Youth-specific housing delivers better outcomes
Youth housing models – including youth ‘foyers’ – see between 60–94 per cent of young people exit into positive housing outcomes, compared with 27 per cent in specialist homelessness services. Education enrolments and employment rates are also significantly higher in these models than in standard crisis responses.
The evidence is clear: youth housing models work. They support young people to break the cycle of homelessness and re-engage with education and employment, alleviating pressure from social housing and health, welfare and criminal justice systems.
As a youth-focused organisation, we see every day that housing stability for children and young people is only achievable when it is paired with wraparound, developmentally-appropriate support.
Young people experiencing homelessness are rarely dealing with a single issue in isolation. For this reason, we do not treat housing as a standalone intervention. Our wraparound model brings together safe accommodation with integrated supports across education, employment, mental health, case management and living skills – coordinating services around the young person to build stability and independence over time.
Delivering safe housing is a critical first step, but it is not enough on its own. Young people need time, structure and support to recover from trauma, re-engage with education or training and move towards independence.
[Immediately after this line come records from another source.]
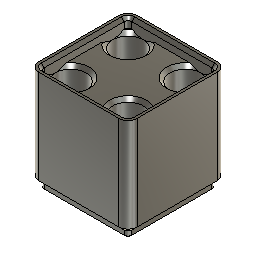
Magnet Dispenser Bin V2 (Autodesk Fusion 360 design; units mm, degrees)
Autodesk Fusion 360 part; units mm, degrees
note: some values were not read from the file. Set by a fixed rule: which face or edge a step refers to.
sketch "Sketch1" plane through (0, 0, 0) normal (0, 0, 1) x (1, 0, 0) in component "Gridfinity bin 1x1x1"
  line L0 (0, 0) -> (41.8, 0)
  line L1 (41.8, 0) -> (41.8, 41.8)
  line L2 (41.8, 41.8) -> (0, 41.8)
  line L3 (0, 41.8) -> (0, 0)
  dimension "d1" = 41.8
  dimension "d2" = 41.8
  constraint horizontal L0
  constraint vertical L1
  constraint horizontal L2
  constraint vertical L3
  constraint coincident L0.start L3
  constraint coincident L3.end L0
  measures "d1" horizontal distance of L0.start L0.end
  measures "d2" vertical distance of L0.end L1.end
extrude "Extrude1" add sketch "Sketch1" against normal blind 2.3 makes body 1 in component "Gridfinity bin 1x1x1"
fillet "Fillet1" radius 3.9 4 edges at (0, 0, -1.15) (41.8, 0, -1.15) (41.8, 41.8, -1.15) (0, 41.8, -1.15) on bodies 1 in component "Gridfinity bin 1x1x1"
chamfer "Chamfer1" distance 2.3 angle 45 8 edges at (1.1423, 40.6577, -2.3) (0, 20.9, -2.3) (1.1423, 1.1423, -2.3) (20.9, 0, -2.3) (40.6577, 1.1423, -2.3) (41.8, 20.9, -2.3) (40.6577, 40.6577, -2.3) (20.9, 41.8, -2.3) on bodies 1 in component "Gridfinity bin 1x1x1"
extrude "Extrude2" add 1 faces at (26.5667, 15.7668, -2.3) along direction (0, 0, -1) blind 2.7 on bodies 1 bodies 1 in component "Gridfinity bin 1x1x1"
chamfer "Chamfer2" distance 0.8 angle 45 8 edges at (2.7686, 39.0314, -5) (20.9, 39.5, -5) (39.0314, 39.0314, -5) (39.5, 20.9, -5) (39.0314, 2.7686, -5) (20.9, 2.3, -5) (2.7686, 2.7686, -5) (2.3, 20.9, -5) on bodies 1 in component "Gridfinity bin 1x1x1"
sketch "Sketch2" plane through (0, 0, -5) normal (0, 0, -1) x (-1, 0, 0) in component "Gridfinity bin 1x1x1"
  arc A0 (-3.1, 37.9) -> (-3.9, 38.7) centre (-3.9, 37.9) ccw construction
  line L0 (-3.9, 38.7) -> (-37.9, 38.7) construction
  arc A1 (-37.9, 38.7) -> (-38.7, 37.9) centre (-37.9, 37.9) ccw construction
  line L1 (-38.7, 37.9) -> (-38.7, 3.9) construction
  arc A2 (-38.7, 3.9) -> (-37.9, 3.1) centre (-37.9, 3.9) ccw construction
  line L2 (-37.9, 3.1) -> (-3.9, 3.1) construction
  arc A3 (-3.9, 3.1) -> (-3.1, 3.9) centre (-3.9, 3.9) ccw construction
  line L3 (-3.1, 3.9) -> (-3.1, 37.9) construction
  circle A4 centre (-8, 8) radius 3.25
  dimension "d11" = 6.5
  dimension "d12" = 8
  dimension "d13" = 8
  measures "d11" diameter of A4
  measures "d12" horizontal distance of origin A4.centre
  measures "d13" vertical distance of origin A4.centre
extrude "Extrude3" cut sketch "Sketch2" against normal blind 2.4 bodies 1 in component "Gridfinity bin 1x1x1"
pattern_linear "R-Pattern1" count 2 spacing 26 along (1, 0, 0) count 2 spacing 26 along (0, 1, 0) of "Extrude3" in component "Gridfinity bin 1x1x1"
pattern_linear "R-Pattern2" count 1 spacing 42 along (1, 0, 0) of bodies 1 merged in component "Gridfinity bin 1x1x1"
sketch "Sketch3" plane through (0, 0, 0) normal (0, 0, 1) x (1, 0, 0) in component "Gridfinity bin 1x1x1"
  line L0 (0, 0) -> (41.8, 0)
  line L1 (41.8, 0) -> (41.8, 41.8)
  line L2 (41.8, 41.8) -> (0, 41.8)
  line L3 (0, 41.8) -> (0, 0)
  dimension "d24" = 41.8
  dimension "d25" = 41.8
  constraint horizontal L0
  constraint vertical L1
  constraint horizontal L2
  constraint vertical L3
  constraint coincident L0.start L3
  constraint coincident L3.end L0
  measures "d24" horizontal distance of L0.start L0.end
  measures "d25" vertical distance of L0.end L1.end
extrude "Extrude4" add sketch "Sketch3" along normal blind 40 separate body makes body 2 in component "Gridfinity bin 1x1x1"
fillet "Fillet2" radius 3.9 8 edges at (0, 0, 20) (0, 41.8, 20) (0, 41.8, 20) (41.8, 41.8, 20) (41.8, 0, 20) (0, 0, 20) (41.8, 41.8, 20) (41.8, 0, 20) on bodies 2 in component "Gridfinity bin 1x1x1"
sketch "Sketch4" plane through (0, 0, 40) normal (0, 0, 1) x (1, 0, 0) in component "Gridfinity bin 1x1x1"
  arc A0 (37.9, 0) -> (41.8, 3.9) centre (37.9, 3.9) ccw construction
  line L0 (41.8, 3.9) -> (41.8, 37.9) construction
  arc A1 (41.8, 37.9) -> (37.9, 41.8) centre (37.9, 37.9) ccw construction
  line L1 (37.9, 41.8) -> (3.9, 41.8) construction
  arc A2 (3.9, 41.8) -> (0, 37.9) centre (3.9, 37.9) ccw construction
  line L2 (0, 37.9) -> (0, 3.9) construction
  arc A3 (0, 3.9) -> (3.9, 0) centre (3.9, 3.9) ccw construction
  line L3 (3.9, 0) -> (37.9, 0) construction
  arc A4 (37.9, 2.25) -> (39.55, 3.9) centre (37.9, 3.9) ccw
  line L4 (39.55, 3.9) -> (39.55, 37.9)
  arc A5 (39.55, 37.9) -> (37.9, 39.55) centre (37.9, 37.9) ccw
  line L5 (37.9, 39.55) -> (3.9, 39.55)
  arc A6 (3.9, 39.55) -> (2.25, 37.9) centre (3.9, 37.9) ccw
  line L6 (2.25, 37.9) -> (2.25, 3.9)
  arc A7 (2.25, 3.9) -> (3.9, 2.25) centre (3.9, 3.9) ccw
  line L7 (3.9, 2.25) -> (37.9, 2.25)
  dimension "d30" = -2.25
extrude "Extrude5" cut sketch "Sketch4" against normal blind 4 bodies 2 in component "Gridfinity bin 1x1x1"
chamfer "Chamfer3" distance 1.2 angle 45 8 edges at (39.55, 20.9, 40) (39.0667, 2.7333, 40) (20.9, 2.25, 40) (2.7333, 2.7333, 40) (2.25, 20.9, 40) (2.7333, 39.0667, 40) (20.9, 39.55, 40) (39.0667, 39.0667, 40) on bodies 2 in component "Gridfinity bin 1x1x1"
combine "Combine1" operation add target body 2 tool bodies 1 in component "Gridfinity bin 1x1x1"
sketch "Sketch6" plane through (0, 0, 36) normal (0, 0, 1) x (-1, 0, 0) in component "Gridfinity bin 1x1x1"
  line L0 (-3.9, -2.25) -> (-37.9, -2.25)
  arc A0 (-37.9, -2.25) -> (-39.55, -3.9) centre (-37.9, -3.9) ccw
  line L1 (-39.55, -3.9) -> (-39.55, -37.9)
  arc A1 (-39.55, -37.9) -> (-37.9, -39.55) centre (-37.9, -37.9) ccw
  line L2 (-37.9, -39.55) -> (-3.9, -39.55)
  arc A2 (-3.9, -39.55) -> (-2.25, -37.9) centre (-3.9, -37.9) ccw
  line L3 (-2.25, -37.9) -> (-2.25, -3.9)
  arc A3 (-2.25, -3.9) -> (-3.9, -2.25) centre (-3.9, -3.9) ccw
  arc A4 (-37.9, 0) -> (-41.8, -3.9) centre (-37.9, -3.9) ccw
  line L4 (-41.8, -3.9) -> (-41.8, -37.9)
  arc A5 (-41.8, -37.9) -> (-37.9, -41.8) centre (-37.9, -37.9) ccw
  line L5 (-37.9, -41.8) -> (-3.9, -41.8)
  arc A6 (-3.9, -41.8) -> (0, -37.9) centre (-3.9, -37.9) ccw
  line L6 (0, -37.9) -> (0, -3.9)
  arc A7 (0, -3.9) -> (-3.9, 0) centre (-3.9, -3.9) ccw
  line L7 (-3.9, 0) -> (-37.9, 0)
  line L8 (-40.75, -37.9) -> (-40.75, -3.9)
  arc A8 (-37.9, -1.05) -> (-40.75, -3.9) centre (-37.9, -3.9) ccw
  line L9 (-37.9, -1.05) -> (-3.9, -1.05)
  arc A9 (-1.05, -3.9) -> (-3.9, -1.05) centre (-3.9, -3.9) ccw
  line L10 (-1.05, -3.9) -> (-1.05, -37.9)
  arc A10 (-3.9, -40.75) -> (-1.05, -37.9) centre (-3.9, -37.9) ccw
  line L11 (-3.9, -40.75) -> (-37.9, -40.75)
  arc A11 (-40.75, -37.9) -> (-37.9, -40.75) centre (-37.9, -37.9) ccw
  circle A12 centre (-33.073, -8.727) radius 6.477
  circle A13 centre (-8.727, -8.727) radius 6.477
  circle A14 centre (-33.073, -33.073) radius 6.477
  circle A15 centre (-8.727, -33.073) radius 6.477
  dimension "d38" = 12.954
  dimension "d39" = 12.954
  dimension "d40" = 12.954
  dimension "d41" = 12.954
  constraint tangent L0 A12
  constraint tangent L1 A12
  constraint tangent L0 A13
  constraint tangent L3 A13
  constraint tangent L1 A14
  constraint tangent L2 A14
  constraint tangent L3 A15
  constraint tangent L2 A15
  measures "d38" diameter of A12
  measures "d39" diameter of A13
  measures "d40" diameter of A14
  measures "d41" diameter of A15
extrude "Extrude6" cut sketch "Sketch6" against normal up to surface (32.25 mm away) contours A13 | A12 | A15 | A14 bodies 2 in component "Gridfinity bin 1x1x1"
chamfer "Chamfer4" distance 1.397 angle 45 8 edges at (28.4931, 28.4931, 36) (37.6529, 37.6529, 36) (13.3069, 28.4931, 36) (4.1471, 37.6529, 36) (13.3069, 13.3069, 36) (4.1471, 4.1471, 36) (28.4931, 13.3069, 36) (37.6529, 4.1471, 36) on bodies 2 in component "Gridfinity bin 1x1x1"
component "Gridfinity bin 1x1x1" placed x (1, 0, 0) y (0, 1, 0) z (0, 0, 1) at (0, 0, 0)
equation "d3 = -( 2.30 mm )"
equation "d14 = -( 2.40 mm )"
equation "d31 = -( 4.00 mm )"
named bodies: "base", "Gridfinity bin 1x1x1"
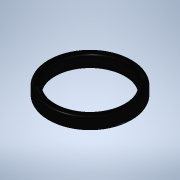
# Autodesk Inventor part: YTP-AP-E20-R1.0
Saved by Autodesk Inventor 2020.4 (Build 244396000, 396)
## iProperties
RuleStatus: InUse
AfterDocNew0: iPropertyEnforcement
BeforeDocSave0: Materialprüfung
Created: 2021-08-29
Part Number: YTP-AP-E20-R1.0
Material: Gummi, Silikon
Document SubType Name: Modeling
Designer: Uwe Wieser
Mass: 0.0139752 g
Surface Area: 0.550171 cm^2
Volume: 0.0111801 cm^3
Density: 1.25 g/cm^3
Appearance: Schwarz
Project: Airbrush
Description: Dichtring-Ventil
Werkstoff: Gummi
Author: Uwe Wieser
Autodesk Inventor part; units mm, degrees
ref_plane "YZ Plane" through (0, 0, 0) normal (1, 0, 0) x (0, 1, 0)
ref_plane "XZ Plane" through (0, 0, 0) normal (0, 1, 0) x (-1, 0, 0)
ref_plane "XY Plane" through (0, 0, 0) normal (0, 0, 1) x (1, 0, 0)
sketch "Skizze1" plane through (0, 0, 0) normal (0, 0, 1) x (1, 0, 0)
  circle A0 centre (0, 0) radius 2.7
  circle A1 centre (0, 0) radius 3.325
  dimension "d0" = 5.4
  dimension "d1" = 6.65
  constraints: 2 centre point, 2 coincident
  measures "d0" diameter of A0
  measures "d1" diameter of A1
extrude "Extrusion1" add sketch "Skizze1" along normal mid plane 1
fillet "Rundung1" radius 0.2 4 edges at (-3.325, 0, 0.5) (-3.325, 0, -0.5) (-2.7, 0, 0.5) (-2.7, 0, -0.5)
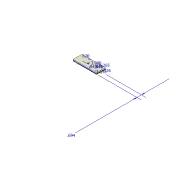
# Autodesk Inventor part: capstone hook mount
Saved by Autodesk Inventor 2020 (Build 240168000, 168)
## iProperties
Created: 2020-02-12
Part Number: capstone hook mount
Material: Generic
Document SubType Name: Modeling
Designer: ball
Density: 1 g/cm^3
Appearance: Default
Author: ball
Autodesk Inventor part; units mm, degrees
ref_plane "XZ Plane" through (0, 0, 0) normal (0, 1, 0) x (-1, 0, 0)
sketch "Sketch1" plane through (0, 0, 0) normal (0, 1, 0) x (-1, 0, 0)
  line L0 (0, 17.637) -> (-76.2, 17.637)
  line L1 (-76.2, 17.637) -> (-76.2, -17.863)
  line L2 (-76.2, -17.863) -> (0, -17.863)
  line L3 (0, -17.863) -> (0, 17.637)
  line L4 (0, 17.637) -> (15.748, 17.637)
  line L5 (15.748, 17.637) -> (15.748, -17.863)
  line L6 (15.748, -17.863) -> (0, -17.863)
  line L7 (0, -17.863) -> (0, 17.637)
  circle A0 centre (-44.068, -12.113) radius 1.7
  circle A1 centre (-68.068, -12.113) radius 1.7
  circle A2 centre (-44.068, 11.887) radius 1.7
  circle A3 centre (-68.068, 11.887) radius 1.7
  point P0 (0, 0)
  dimension "d0" = 76.2
  dimension "d1" = 35.5
  dimension "d2" = 17.637
  dimension "d3" = 15.748
  dimension "d45" = 3.4
  dimension "d46" = 32.132
  dimension "d47" = 5.75
  dimension "d50" = 24
  dimension "d53" = 24
  constraints: 16 end point, 4 centre point, 4 parallel, 3 horizontal, 2 perpendicular, 1 vertical, 6 other
  measures "d0" distance of L2.end L1.end
  measures "d1" distance of L1.end L0.end
  measures "d2" distance from line of L0 point (0, 0)
  measures "d3" distance of L5.end L6.end
  measures "d45" diameter of A0
  measures "d46" distance from line of L1 A0.centre
  measures "d47" distance from line of L2 A0.centre
  measures "d50" distance of A0.centre A1.centre
  measures "d53" distance of A0.centre A2.centre
extrude "Extrusion1" add sketch "Sketch1" along normal blind 4
sketch "Sketch4" plane through (0, 0, 0) normal (0, -1, 0) x (1, 0, 0)
  line L0 (-12.7, 3.175) -> (12.7, 3.175) construction
  line L1 (12.7, 3.175) -> (12.7, -3.175) construction
  line L2 (12.7, -3.175) -> (-12.7, -3.175) construction
  line L3 (-12.7, -3.175) -> (-12.7, 3.175) construction
  line L4 (-6.35, 3.175) -> (-6.35, -3.175) construction
  line L5 (6.35, 3.175) -> (6.35, -3.175) construction
  line L6 (-6.35, 3.683) -> (-13.208, 3.683)
  line L7 (-13.208, 3.683) -> (-13.208, 6.223)
  line L8 (-13.208, 6.223) -> (-6.35, 6.223)
  line L9 (-6.35, 6.223) -> (-6.35, 3.683)
  line L10 (-13.208, 6.223) -> (-15.748, 6.223)
  line L11 (-15.748, 6.223) -> (-15.748, 0)
  line L12 (-15.748, 0) -> (-13.208, 0)
  line L13 (-13.208, 0) -> (-13.208, 6.223)
  line L14 (-12.7, 0) -> (12.7, 0) construction
  line L15 (0, 3.175) -> (0, -3.175) construction
  line L16 (-6.35, -3.683) -> (-13.208, -3.683)
  line L17 (-13.208, -6.223) -> (-6.35, -6.223)
  line L18 (-6.35, -6.223) -> (-6.35, -3.683)
  line L19 (-13.208, -6.223) -> (-15.748, -6.223)
  line L20 (-15.748, -6.223) -> (-15.748, 0)
  line L21 (-13.208, 0) -> (-13.208, -6.223)
  line L22 (6.35, 3.683) -> (13.208, 3.683)
  line L23 (13.208, 3.683) -> (13.208, 6.223)
  line L24 (13.208, 6.223) -> (6.35, 6.223)
  line L25 (6.35, 6.223) -> (6.35, 3.683)
  line L26 (13.208, 6.223) -> (15.748, 6.223)
  line L27 (15.748, 6.223) -> (15.748, 0)
  line L28 (15.748, 0) -> (13.208, 0)
  line L29 (13.208, 0) -> (13.208, 6.223)
  line L30 (6.35, -6.223) -> (6.35, -3.683)
  line L31 (6.35, -3.683) -> (13.208, -3.683)
  line L32 (13.208, -6.223) -> (6.35, -6.223)
  line L33 (13.208, 0) -> (13.208, -6.223)
  line L34 (15.748, -6.223) -> (15.748, 0)
  line L35 (13.208, -6.223) -> (15.748, -6.223)
  point P0 (0, 0)
  dimension "d20" = 25.4
  dimension "d21" = 6.35
  dimension "d22" = 3.175
  dimension "d23" = 12.7
  dimension "d24" = 6.35
  dimension "d25" = 6.35
  dimension "d26" = 6.858
  dimension "d27" = 2.54
  dimension "d28" = 0.508
  dimension "d29" = 2.54
  dimension "d30" = 6.223
  constraints: 72 end point, 17 symmetric about line, 6 parallel, 4 midpoint, 4 perpendicular, 3 horizontal, 2 point on line, 1 collinear
  measures "d20" distance of L1.end L2.end
  measures "d21" distance of L0.end L1.end
  measures "d22" distance from line of L0 point (0, 0)
  measures "d23" distance from line of L3 point (0, 0)
  measures "d24" distance between parallel lines of L4 L3
  measures "d25" distance between parallel lines of L1 L5
  measures "d26" distance of L7.end L8.end
  measures "d27" distance of L6.end L7.end
  measures "d28" distance between parallel lines of L6 L0
  measures "d29" distance of L12.end L11.end
  measures "d30" distance between parallel lines of L12 L10
extrude "Extrusion5" add sketch "Sketch4" along normal blind 6.35
sketch "Sketch6" plane through (0, 0, 0) normal (0, -1, 0) x (1, 0, 0)
  circle A0 centre (27.432, 0) radius 9.525
  line L0 (0, 24.737) -> (0, -24.963) projected
  point P0 (0, 0)
  dimension "d35" = 19.05
  dimension "d36" = 27.432
  constraints: 1 centre point
  measures "d35" diameter of A0
  measures "d36" distance from line of A0.centre L0
extrude "Extrusion7" add sketch "Sketch6" along normal blind 3
sketch "Sketch7" plane through (27.432, -3, 0) normal (0, -1, 0) x (1, 0, 0)
  circle A0 centre (0, 0) radius 1.7
  point P0 (-27.432, 0)
  dimension "d39" = 3.4
  constraints: 1 centre point
  measures "d39" diameter of A0
extrude "Extrusion8" cut sketch "Sketch7" against normal through all
sketch "Sketch8" plane through (0, 0, 0) normal (0, -1, 0) x (1, 0, 0)
  circle A0 centre (27.432, 0) radius 1.7 construction
  line L0 (27.432, 0) -> (15.875, -6.35) construction
  line L1 (27.432, 0) -> (15.875, 0) construction
  line L2 (6.35, -6.223) -> (6.35, -3.683) construction
  line L3 (27.432, 0) -> (6.35, -6.223) construction
  line L4 (27.432, 0) -> (6.35, 3.6065) construction
  point P0 (0, 0)
  constraints: 8 end point
sketch "Sketch9" plane through (0, 4, 0) normal (0, 1, 0) x (1, 0, 0)
  circle A0 centre (27.432, 0) radius 1.7 construction
  circle A1 centre (27.432, 0) radius 3.25 construction
  line L0 (27.432, 3.25) -> (30.2466, 1.625)
  line L1 (30.2466, 1.625) -> (30.2466, -1.625)
  line L2 (30.2466, -1.625) -> (27.432, -3.25)
  line L3 (27.432, -3.25) -> (24.6174, -1.625)
  line L4 (24.6174, -1.625) -> (24.6174, 1.625)
  line L5 (24.6174, 1.625) -> (27.432, 3.25)
  point P0 (0, 0)
  dimension "d42" = 6.5
  constraints: 12 end point, 2 coincident, 1 vertical alignment, 15 other
extrude "Extrusion9" cut sketch "Sketch9" against normal blind 2.5
sketch "Sketch10" plane through (0, 0, 0) normal (0, -1, 0) x (1, 0, 0)
  line L0 (-13.208, 3.683) -> (-13.208, -3.683) projected
  line L1 (13.208, 3.683) -> (6.35, 3.683) projected
  line L2 (-13.208, -3.683) -> (13.208, -3.683)
  line L3 (13.208, -3.683) -> (13.208, 3.683)
  line L4 (13.208, 3.683) -> (-13.208, 3.683)
  line L5 (-13.208, 3.683) -> (-13.208, -3.683)
  point P0 (0, 0)
  constraints: 8 end point, 2 parallel, 1 horizontal, 1 perpendicular
extrude "Extrusion10" add sketch "Sketch10" along normal blind 0.5
equation "\"d22\" = 0.5 * d21"
equation "\"d23\" = 0.5 * d20"
body "Solid1"
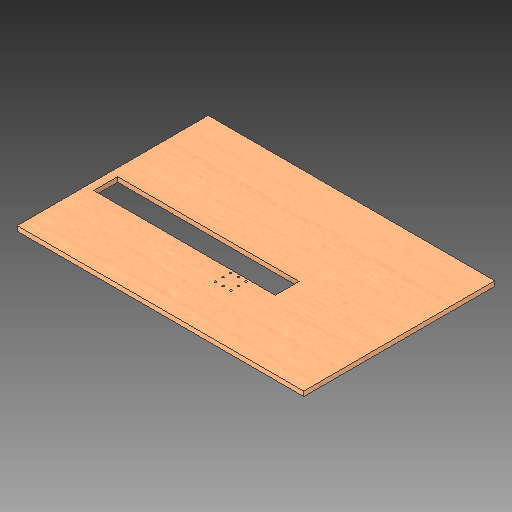
# Autodesk Inventor part: face-lateral
Saved by Autodesk Inventor 2019 (Build 230136000, 136)
## iProperties
Created: 2018-04-02
Part Number: face-lateral
Material: Générique
Document SubType Name: Modeling
Designer: franc
Density: 1 g/cm^3
Appearance: Par défaut
Author: franc
Autodesk Inventor part; units mm, degrees
ref_plane "YZ Plane" through (0, 0, 0) normal (1, 0, 0) x (0, 1, 0)
ref_plane "XZ Plane" through (0, 0, 0) normal (0, 1, 0) x (-1, 0, 0)
ref_plane "XY Plane" through (0, 0, 0) normal (0, 0, 1) x (1, 0, 0)
sketch "Esquisse1" plane through (0, 0, 0) normal (0, 1, 0) x (-1, 0, 0)
  line L0 (98.2051, 94.359) -> (-201.7949, 94.359)
  line L1 (-201.7949, 94.359) -> (-201.7949, -105.641)
  line L2 (-201.7949, -105.641) -> (98.2051, -105.641)
  line L3 (98.2051, -105.641) -> (98.2051, 94.359)
  point P0 (0, 0)
  dimension "d0" = 200
  dimension "d1" = 300
  constraints: 8 end point, 2 parallel, 1 horizontal, 1 perpendicular
  measures "d0" distance of L2.end L0.start
  measures "d1" distance of L1.end L2.end
extrude "Extrusion1" add sketch "Esquisse1" along normal blind 5
sketch "Esquisse2" plane through (0, 5, 0) normal (0, 1, 0) x (1, 0, 0)
  line L0 (89.9575, -12.359) -> (-80.036, -12.359) projected
  line L1 (89.9575, -7.359) -> (-80.036, -7.359) projected
  line L2 (-80.036, -12.359) -> (-80.036, -7.359) projected
  line L3 (89.9575, -12.359) -> (89.9575, -7.359) projected
  line L4 (-90.036, -22.359) -> (99.9575, -22.359)
  line L5 (99.9575, -22.359) -> (99.9575, 2.641)
  line L6 (99.9575, 2.641) -> (-90.036, 2.641)
  line L7 (-90.036, 2.641) -> (-90.036, -22.359)
  point P0 (0, 0)
  dimension "d4" = 10
  dimension "d5" = 10
  dimension "d6" = 10
  dimension "d7" = 10
  constraints: 8 end point, 2 parallel, 1 horizontal, 1 perpendicular
  measures "d4" distance between parallel lines of L4 L0
  measures "d5" distance between parallel lines of L6 L1
  measures "d6" distance between parallel lines of L7 L2
  measures "d7" distance between parallel lines of L3 L5
extrude "Extrusion2" cut sketch "Esquisse2" against normal through all contours L0 L2 L1 L3 | L7 L6 L5 L4
sketch "Esquisse3" plane through (0, 0, 0) normal (0, -1, 0) x (1, 0, 0)
  circle A0 centre (56.2949, 33.359) radius 1 projected
  line L0 (57.2949, 15.359) -> (55.2949, 15.359) projected
  circle A1 centre (56.2949, 41.359) radius 1 projected
  circle A2 centre (64.2949, 41.359) radius 1 projected
  circle A3 centre (72.2949, 33.359) radius 1 projected
  circle A4 centre (72.2949, 41.359) radius 1 projected
  circle A5 centre (72.2949, 25.359) radius 1 projected
  circle A6 centre (64.2949, 25.359) radius 1 projected
  circle A7 centre (56.2949, 25.359) radius 1 projected
  point P0 (0, 0)
extrude "Extrusion3" cut sketch "Esquisse3" against normal through all

If Australia is serious about ending youth homelessness, we need a coordinated, systemic shift.
The Federal Government must lead by investing in a standalone National Child and Youth Homelessness and Housing Strategy – one that recognises children and young people as a distinct cohort with distinct needs and responds with a clear continuum of care from prevention to stability.
“This will help ensure that the 43,000 children and young people who experience homelessness each year are given the priority they require,” says Michelle, “and that responses are age- and developmentally-appropriate.”
Federal and State Governments must also jointly invest in youth-specific housing supply while also funding the wraparound supports that make tenancies sustainable.
“There needs to be a double investment,” says Michelle. “We need the infrastructure to increase supply and targeted funding to help young people maintain tenancies and build their education and employment pathways.”
Young people should not be expected to ‘grow into’ adult housing systems. The system must grow to meet them – now.